• WHAT TO PRODUCE
Scan the entries and state how many lines contain "dxfattribs". Write no other text.

• GIVEN ENTRIES

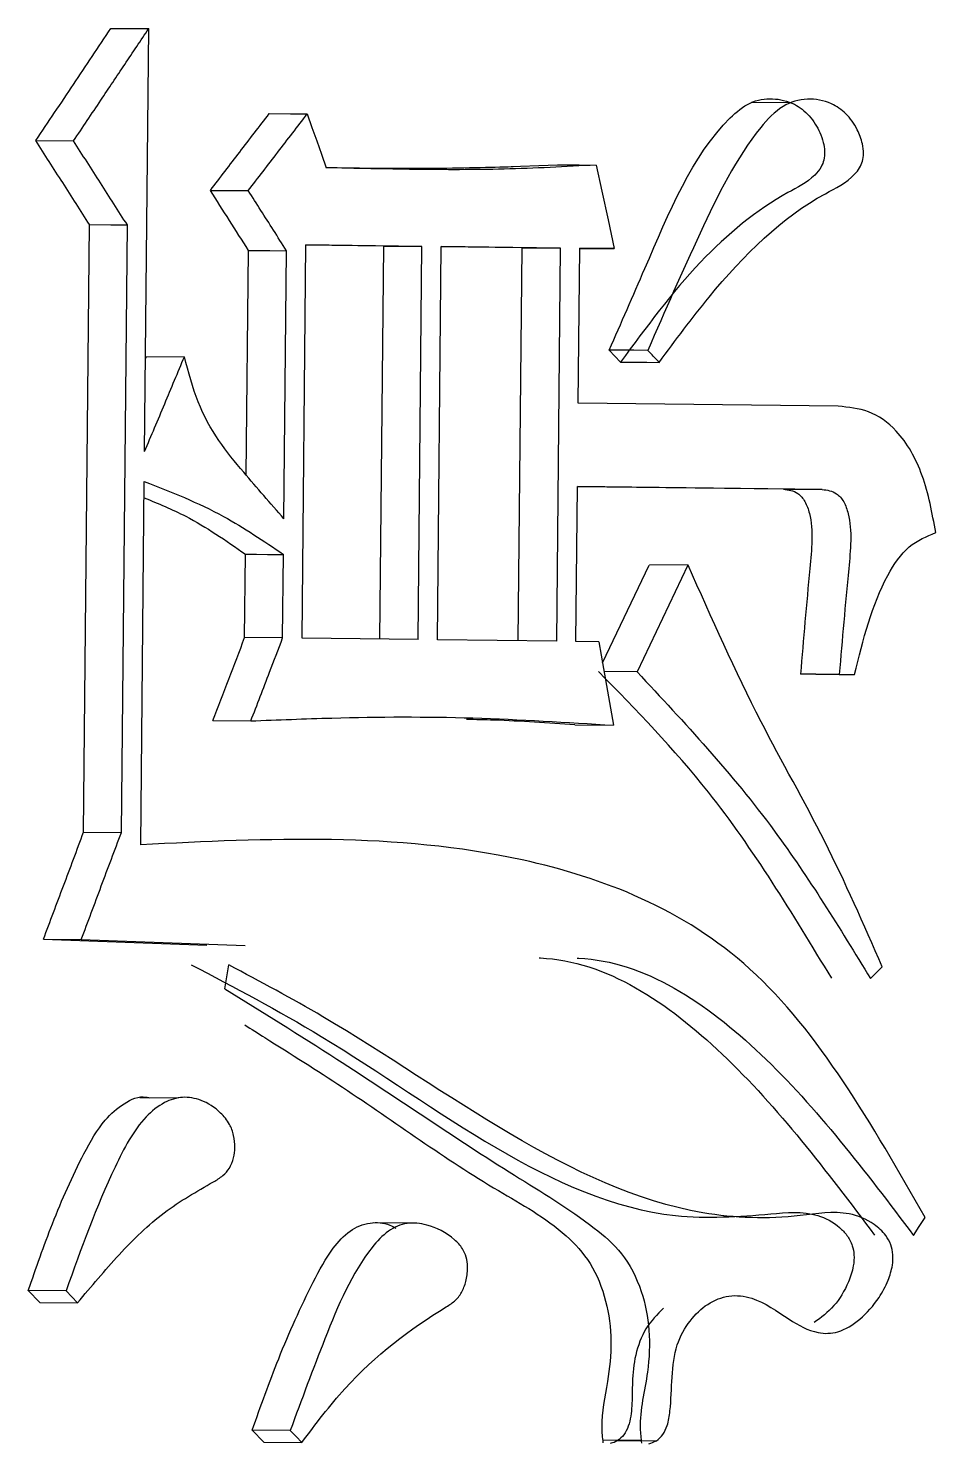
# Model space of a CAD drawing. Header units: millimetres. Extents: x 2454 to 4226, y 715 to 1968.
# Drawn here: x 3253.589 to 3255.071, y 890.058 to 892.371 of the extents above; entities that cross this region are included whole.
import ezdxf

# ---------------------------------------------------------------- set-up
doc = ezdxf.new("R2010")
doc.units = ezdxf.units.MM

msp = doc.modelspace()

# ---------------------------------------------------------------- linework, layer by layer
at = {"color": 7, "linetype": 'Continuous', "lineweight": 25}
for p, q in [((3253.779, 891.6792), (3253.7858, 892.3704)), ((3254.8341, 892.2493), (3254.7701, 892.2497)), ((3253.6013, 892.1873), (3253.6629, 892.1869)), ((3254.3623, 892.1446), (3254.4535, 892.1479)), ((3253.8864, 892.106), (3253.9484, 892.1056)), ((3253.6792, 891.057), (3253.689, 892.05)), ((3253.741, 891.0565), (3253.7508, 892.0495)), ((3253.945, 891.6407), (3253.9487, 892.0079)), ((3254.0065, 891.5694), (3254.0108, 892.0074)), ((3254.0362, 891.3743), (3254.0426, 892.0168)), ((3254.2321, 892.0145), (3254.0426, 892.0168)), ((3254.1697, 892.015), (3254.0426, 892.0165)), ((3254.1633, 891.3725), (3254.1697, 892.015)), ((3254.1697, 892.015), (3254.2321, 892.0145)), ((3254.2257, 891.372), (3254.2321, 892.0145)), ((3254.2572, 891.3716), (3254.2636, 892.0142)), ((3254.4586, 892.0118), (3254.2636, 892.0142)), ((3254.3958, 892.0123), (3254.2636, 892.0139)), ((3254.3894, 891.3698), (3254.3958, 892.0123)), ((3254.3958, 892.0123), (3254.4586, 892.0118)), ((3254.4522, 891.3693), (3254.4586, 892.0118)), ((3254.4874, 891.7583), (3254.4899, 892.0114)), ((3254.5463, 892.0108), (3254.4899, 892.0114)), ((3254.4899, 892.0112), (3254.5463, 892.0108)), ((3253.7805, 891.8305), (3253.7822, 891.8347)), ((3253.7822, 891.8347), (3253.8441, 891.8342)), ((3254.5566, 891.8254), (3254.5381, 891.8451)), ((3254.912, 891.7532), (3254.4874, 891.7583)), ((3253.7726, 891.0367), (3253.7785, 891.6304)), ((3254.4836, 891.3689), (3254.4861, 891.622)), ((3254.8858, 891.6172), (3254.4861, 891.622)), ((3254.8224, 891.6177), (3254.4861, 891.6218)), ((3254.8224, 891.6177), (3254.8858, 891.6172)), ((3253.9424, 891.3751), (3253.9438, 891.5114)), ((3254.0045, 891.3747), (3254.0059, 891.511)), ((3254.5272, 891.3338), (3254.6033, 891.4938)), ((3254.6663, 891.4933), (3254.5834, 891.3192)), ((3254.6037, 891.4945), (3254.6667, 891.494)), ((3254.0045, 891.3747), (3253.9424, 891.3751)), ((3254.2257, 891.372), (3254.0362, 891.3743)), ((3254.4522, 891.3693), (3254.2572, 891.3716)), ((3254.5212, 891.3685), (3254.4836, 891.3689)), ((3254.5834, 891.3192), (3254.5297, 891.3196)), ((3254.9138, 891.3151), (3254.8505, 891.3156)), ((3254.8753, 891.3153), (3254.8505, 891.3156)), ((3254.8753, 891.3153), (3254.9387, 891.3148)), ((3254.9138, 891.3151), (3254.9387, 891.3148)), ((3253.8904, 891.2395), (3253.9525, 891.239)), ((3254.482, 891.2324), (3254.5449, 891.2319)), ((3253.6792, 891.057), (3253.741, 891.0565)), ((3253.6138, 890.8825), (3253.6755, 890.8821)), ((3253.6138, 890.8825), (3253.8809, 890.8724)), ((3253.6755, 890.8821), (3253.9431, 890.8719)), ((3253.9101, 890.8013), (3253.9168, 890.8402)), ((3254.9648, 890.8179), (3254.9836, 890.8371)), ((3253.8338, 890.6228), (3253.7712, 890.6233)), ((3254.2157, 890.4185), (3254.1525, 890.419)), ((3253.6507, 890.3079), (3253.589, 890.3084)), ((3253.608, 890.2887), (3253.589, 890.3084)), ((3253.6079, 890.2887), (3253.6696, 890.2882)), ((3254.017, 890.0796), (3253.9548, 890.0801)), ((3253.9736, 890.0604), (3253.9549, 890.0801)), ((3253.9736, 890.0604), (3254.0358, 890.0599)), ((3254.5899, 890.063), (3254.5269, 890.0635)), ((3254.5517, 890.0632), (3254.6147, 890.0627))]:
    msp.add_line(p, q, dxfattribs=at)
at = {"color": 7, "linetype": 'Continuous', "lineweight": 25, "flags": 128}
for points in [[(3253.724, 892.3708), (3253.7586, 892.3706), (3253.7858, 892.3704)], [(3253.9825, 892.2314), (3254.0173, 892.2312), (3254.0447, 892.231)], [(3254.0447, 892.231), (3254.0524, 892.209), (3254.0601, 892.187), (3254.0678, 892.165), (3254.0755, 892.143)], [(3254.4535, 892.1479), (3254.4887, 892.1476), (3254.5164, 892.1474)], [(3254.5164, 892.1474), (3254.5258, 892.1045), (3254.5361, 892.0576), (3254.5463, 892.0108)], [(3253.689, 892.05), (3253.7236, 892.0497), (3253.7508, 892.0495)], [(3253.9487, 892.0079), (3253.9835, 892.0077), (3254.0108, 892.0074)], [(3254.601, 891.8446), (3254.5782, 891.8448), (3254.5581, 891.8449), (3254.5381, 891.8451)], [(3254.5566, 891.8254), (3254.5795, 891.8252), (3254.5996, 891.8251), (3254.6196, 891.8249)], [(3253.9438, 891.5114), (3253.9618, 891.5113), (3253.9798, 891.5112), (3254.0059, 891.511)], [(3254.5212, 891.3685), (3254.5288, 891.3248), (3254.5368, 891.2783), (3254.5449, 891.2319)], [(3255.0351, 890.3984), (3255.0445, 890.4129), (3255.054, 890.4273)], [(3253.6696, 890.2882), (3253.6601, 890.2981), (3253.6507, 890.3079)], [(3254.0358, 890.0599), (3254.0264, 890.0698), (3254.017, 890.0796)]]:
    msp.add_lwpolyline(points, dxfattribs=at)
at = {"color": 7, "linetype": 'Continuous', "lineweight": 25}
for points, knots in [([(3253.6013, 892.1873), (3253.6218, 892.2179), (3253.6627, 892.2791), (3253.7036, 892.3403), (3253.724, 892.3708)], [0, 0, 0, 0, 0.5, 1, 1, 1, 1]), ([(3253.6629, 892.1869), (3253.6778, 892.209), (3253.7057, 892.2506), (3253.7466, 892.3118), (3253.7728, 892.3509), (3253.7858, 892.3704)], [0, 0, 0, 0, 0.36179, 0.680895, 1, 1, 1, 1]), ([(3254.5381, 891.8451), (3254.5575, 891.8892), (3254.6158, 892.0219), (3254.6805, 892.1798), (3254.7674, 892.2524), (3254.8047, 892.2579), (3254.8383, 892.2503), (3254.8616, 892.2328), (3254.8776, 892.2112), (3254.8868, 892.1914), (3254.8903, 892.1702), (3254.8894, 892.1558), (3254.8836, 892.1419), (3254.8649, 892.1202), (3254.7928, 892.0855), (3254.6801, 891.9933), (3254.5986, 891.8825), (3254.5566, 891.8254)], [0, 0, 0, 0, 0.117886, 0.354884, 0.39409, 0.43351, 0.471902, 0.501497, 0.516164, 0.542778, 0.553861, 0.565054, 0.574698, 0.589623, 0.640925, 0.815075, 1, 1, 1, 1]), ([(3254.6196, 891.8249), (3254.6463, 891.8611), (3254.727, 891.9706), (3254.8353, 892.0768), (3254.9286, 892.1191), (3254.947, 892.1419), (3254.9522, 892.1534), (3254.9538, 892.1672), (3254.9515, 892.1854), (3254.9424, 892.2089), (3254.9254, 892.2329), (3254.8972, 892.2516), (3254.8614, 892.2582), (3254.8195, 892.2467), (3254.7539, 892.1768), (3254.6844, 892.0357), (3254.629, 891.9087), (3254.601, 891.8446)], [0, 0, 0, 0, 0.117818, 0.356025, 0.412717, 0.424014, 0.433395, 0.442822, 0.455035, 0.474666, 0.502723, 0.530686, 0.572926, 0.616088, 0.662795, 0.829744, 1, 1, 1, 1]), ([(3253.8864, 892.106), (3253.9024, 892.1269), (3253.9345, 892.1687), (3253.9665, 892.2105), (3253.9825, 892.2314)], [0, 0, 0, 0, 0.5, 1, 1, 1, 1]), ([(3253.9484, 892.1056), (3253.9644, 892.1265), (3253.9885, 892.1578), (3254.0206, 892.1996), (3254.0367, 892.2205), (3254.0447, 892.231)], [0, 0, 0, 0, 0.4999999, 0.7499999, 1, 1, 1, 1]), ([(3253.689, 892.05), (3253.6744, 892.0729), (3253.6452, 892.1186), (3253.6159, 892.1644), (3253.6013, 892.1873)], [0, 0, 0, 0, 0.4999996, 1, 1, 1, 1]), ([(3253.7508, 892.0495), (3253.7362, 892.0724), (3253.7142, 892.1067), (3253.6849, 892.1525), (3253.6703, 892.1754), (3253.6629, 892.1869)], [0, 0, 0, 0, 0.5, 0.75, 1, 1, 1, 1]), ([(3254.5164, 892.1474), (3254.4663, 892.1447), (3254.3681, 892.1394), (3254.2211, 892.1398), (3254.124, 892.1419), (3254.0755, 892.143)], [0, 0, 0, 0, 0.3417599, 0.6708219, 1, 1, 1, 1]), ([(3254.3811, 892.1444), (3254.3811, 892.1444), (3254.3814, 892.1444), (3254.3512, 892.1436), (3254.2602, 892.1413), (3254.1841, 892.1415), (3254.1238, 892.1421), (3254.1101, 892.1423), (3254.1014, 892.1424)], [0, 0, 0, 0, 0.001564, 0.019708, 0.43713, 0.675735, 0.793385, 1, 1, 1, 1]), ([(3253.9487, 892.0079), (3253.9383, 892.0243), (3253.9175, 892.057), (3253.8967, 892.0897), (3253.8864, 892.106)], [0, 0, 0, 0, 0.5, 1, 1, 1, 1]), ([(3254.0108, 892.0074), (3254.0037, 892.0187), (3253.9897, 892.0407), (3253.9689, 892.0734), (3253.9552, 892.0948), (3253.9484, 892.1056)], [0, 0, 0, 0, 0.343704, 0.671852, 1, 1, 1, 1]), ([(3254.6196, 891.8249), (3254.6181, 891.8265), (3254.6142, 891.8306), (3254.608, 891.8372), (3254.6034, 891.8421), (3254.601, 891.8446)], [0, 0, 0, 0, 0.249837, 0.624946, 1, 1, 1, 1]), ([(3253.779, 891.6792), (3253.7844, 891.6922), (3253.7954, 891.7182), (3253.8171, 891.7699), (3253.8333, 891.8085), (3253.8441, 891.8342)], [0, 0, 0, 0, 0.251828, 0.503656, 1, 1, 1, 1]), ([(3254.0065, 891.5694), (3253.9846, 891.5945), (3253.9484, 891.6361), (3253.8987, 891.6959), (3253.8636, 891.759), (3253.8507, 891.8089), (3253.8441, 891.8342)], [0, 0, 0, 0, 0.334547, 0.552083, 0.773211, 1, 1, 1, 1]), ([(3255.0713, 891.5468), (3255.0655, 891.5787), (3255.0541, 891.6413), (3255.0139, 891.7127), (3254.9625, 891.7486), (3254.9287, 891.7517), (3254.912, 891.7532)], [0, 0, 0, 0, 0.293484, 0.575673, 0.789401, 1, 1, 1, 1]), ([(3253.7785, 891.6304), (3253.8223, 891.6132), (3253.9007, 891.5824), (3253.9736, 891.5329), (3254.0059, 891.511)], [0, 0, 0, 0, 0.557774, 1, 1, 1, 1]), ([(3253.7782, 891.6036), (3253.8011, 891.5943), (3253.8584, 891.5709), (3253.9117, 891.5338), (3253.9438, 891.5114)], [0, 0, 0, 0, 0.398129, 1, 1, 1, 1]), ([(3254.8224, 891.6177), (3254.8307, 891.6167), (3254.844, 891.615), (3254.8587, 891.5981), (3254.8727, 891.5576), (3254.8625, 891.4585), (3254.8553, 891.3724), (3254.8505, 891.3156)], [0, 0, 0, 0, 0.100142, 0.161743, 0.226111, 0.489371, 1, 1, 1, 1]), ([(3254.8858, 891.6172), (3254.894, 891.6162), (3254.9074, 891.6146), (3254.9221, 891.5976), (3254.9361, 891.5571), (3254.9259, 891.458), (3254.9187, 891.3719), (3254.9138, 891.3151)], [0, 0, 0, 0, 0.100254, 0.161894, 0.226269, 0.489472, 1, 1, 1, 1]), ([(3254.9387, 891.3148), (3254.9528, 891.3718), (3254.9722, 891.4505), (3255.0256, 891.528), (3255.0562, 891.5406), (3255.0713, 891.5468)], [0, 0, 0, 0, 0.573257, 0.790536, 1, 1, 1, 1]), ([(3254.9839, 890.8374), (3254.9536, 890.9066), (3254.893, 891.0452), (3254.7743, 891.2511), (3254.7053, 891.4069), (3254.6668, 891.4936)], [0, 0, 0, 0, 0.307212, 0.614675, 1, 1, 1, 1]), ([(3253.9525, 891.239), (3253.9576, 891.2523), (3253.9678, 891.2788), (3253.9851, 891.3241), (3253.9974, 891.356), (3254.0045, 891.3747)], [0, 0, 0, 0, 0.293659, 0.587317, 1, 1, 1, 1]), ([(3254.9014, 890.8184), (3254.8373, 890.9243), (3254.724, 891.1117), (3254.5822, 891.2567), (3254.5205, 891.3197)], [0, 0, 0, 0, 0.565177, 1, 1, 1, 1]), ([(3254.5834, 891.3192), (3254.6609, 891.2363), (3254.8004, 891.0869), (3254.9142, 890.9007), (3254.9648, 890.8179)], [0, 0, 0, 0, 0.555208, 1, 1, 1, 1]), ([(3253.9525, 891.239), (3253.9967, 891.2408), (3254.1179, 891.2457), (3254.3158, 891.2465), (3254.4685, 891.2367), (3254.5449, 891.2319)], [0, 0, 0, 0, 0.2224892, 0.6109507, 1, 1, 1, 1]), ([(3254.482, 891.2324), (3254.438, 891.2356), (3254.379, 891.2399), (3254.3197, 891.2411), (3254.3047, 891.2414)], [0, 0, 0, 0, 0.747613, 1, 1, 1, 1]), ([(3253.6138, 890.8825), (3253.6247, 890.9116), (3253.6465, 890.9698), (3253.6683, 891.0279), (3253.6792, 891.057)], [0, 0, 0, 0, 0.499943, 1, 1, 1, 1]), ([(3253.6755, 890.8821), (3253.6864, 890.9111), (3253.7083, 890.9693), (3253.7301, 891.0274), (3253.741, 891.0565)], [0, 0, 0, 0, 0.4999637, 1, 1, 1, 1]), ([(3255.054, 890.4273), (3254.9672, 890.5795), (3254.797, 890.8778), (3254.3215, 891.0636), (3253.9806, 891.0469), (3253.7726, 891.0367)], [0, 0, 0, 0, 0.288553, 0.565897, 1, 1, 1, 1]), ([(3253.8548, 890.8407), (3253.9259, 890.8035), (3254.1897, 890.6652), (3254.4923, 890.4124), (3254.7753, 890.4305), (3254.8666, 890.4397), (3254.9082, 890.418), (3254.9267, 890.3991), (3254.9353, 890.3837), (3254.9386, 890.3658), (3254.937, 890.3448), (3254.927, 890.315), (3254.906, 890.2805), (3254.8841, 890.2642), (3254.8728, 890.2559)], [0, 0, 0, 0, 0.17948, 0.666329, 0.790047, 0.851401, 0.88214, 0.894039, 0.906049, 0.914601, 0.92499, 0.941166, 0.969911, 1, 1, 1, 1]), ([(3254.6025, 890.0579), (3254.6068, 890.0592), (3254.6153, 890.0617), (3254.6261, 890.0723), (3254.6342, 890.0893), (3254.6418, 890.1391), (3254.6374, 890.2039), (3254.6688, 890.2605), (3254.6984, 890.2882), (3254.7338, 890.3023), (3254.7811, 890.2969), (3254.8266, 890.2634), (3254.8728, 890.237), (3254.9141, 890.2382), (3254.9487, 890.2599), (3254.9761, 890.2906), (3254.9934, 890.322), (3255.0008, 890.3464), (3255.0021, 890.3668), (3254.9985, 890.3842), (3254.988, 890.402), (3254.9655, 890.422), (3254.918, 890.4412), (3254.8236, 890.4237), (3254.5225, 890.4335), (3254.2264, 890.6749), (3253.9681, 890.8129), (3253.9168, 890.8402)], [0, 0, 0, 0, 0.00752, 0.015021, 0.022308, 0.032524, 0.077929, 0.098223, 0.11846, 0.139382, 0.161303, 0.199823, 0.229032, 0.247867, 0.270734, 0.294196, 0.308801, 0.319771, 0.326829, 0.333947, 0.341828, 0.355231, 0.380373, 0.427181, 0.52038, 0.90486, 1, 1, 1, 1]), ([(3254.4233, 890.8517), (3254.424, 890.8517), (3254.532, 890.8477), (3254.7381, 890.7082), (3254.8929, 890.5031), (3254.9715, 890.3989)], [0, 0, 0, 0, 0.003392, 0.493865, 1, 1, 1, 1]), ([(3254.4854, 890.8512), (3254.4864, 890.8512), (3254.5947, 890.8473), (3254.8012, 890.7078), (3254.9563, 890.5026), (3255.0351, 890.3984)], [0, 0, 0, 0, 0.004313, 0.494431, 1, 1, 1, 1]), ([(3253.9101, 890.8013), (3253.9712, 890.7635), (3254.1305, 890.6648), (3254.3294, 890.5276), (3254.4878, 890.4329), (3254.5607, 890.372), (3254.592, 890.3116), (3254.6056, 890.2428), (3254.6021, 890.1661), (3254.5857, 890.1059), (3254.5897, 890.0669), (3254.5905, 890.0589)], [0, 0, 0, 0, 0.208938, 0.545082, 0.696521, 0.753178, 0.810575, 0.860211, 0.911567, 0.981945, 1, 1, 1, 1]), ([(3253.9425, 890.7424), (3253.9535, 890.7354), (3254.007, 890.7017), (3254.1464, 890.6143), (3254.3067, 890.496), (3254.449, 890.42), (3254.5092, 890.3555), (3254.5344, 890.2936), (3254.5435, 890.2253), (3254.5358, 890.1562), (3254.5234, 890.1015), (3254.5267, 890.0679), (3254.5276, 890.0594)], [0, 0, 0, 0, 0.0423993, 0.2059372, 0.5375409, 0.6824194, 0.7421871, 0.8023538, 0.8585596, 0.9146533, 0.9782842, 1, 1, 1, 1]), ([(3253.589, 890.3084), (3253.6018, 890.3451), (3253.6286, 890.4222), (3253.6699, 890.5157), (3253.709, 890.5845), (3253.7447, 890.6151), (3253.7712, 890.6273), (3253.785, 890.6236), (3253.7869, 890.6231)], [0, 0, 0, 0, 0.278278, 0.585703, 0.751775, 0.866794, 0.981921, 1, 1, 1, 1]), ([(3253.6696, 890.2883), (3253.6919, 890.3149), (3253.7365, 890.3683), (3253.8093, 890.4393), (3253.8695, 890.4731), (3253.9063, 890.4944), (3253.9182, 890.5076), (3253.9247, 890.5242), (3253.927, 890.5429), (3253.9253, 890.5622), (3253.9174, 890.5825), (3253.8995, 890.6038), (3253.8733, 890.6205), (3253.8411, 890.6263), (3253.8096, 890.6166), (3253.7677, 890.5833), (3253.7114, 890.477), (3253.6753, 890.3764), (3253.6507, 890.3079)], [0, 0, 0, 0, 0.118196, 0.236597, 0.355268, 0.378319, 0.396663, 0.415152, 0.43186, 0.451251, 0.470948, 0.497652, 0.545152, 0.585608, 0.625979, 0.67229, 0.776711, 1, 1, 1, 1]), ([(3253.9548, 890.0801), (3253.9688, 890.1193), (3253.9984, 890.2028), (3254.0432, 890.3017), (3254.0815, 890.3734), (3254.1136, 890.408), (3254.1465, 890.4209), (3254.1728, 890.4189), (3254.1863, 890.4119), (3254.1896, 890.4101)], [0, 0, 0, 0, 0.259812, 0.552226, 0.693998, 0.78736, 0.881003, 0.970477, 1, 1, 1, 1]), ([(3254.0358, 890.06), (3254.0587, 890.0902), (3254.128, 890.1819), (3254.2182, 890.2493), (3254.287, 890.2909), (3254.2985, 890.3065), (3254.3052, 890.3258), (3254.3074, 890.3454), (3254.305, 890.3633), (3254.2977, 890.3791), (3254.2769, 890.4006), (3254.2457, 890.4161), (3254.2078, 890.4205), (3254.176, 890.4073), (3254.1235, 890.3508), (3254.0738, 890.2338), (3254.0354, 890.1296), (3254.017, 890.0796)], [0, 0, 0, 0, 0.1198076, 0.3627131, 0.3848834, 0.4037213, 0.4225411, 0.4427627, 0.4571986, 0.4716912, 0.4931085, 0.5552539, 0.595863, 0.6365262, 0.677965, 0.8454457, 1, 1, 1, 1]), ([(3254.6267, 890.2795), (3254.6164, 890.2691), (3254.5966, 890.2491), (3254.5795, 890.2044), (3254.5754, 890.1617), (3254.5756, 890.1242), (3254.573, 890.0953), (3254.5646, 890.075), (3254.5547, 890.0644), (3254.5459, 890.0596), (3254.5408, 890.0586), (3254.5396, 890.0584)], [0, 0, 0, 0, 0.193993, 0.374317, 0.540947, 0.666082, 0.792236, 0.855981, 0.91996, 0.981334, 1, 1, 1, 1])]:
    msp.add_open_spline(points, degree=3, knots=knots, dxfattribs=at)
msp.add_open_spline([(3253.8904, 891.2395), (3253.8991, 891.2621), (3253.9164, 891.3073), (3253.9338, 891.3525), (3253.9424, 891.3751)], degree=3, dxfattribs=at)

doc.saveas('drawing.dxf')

• FINISHED EXERCISE
4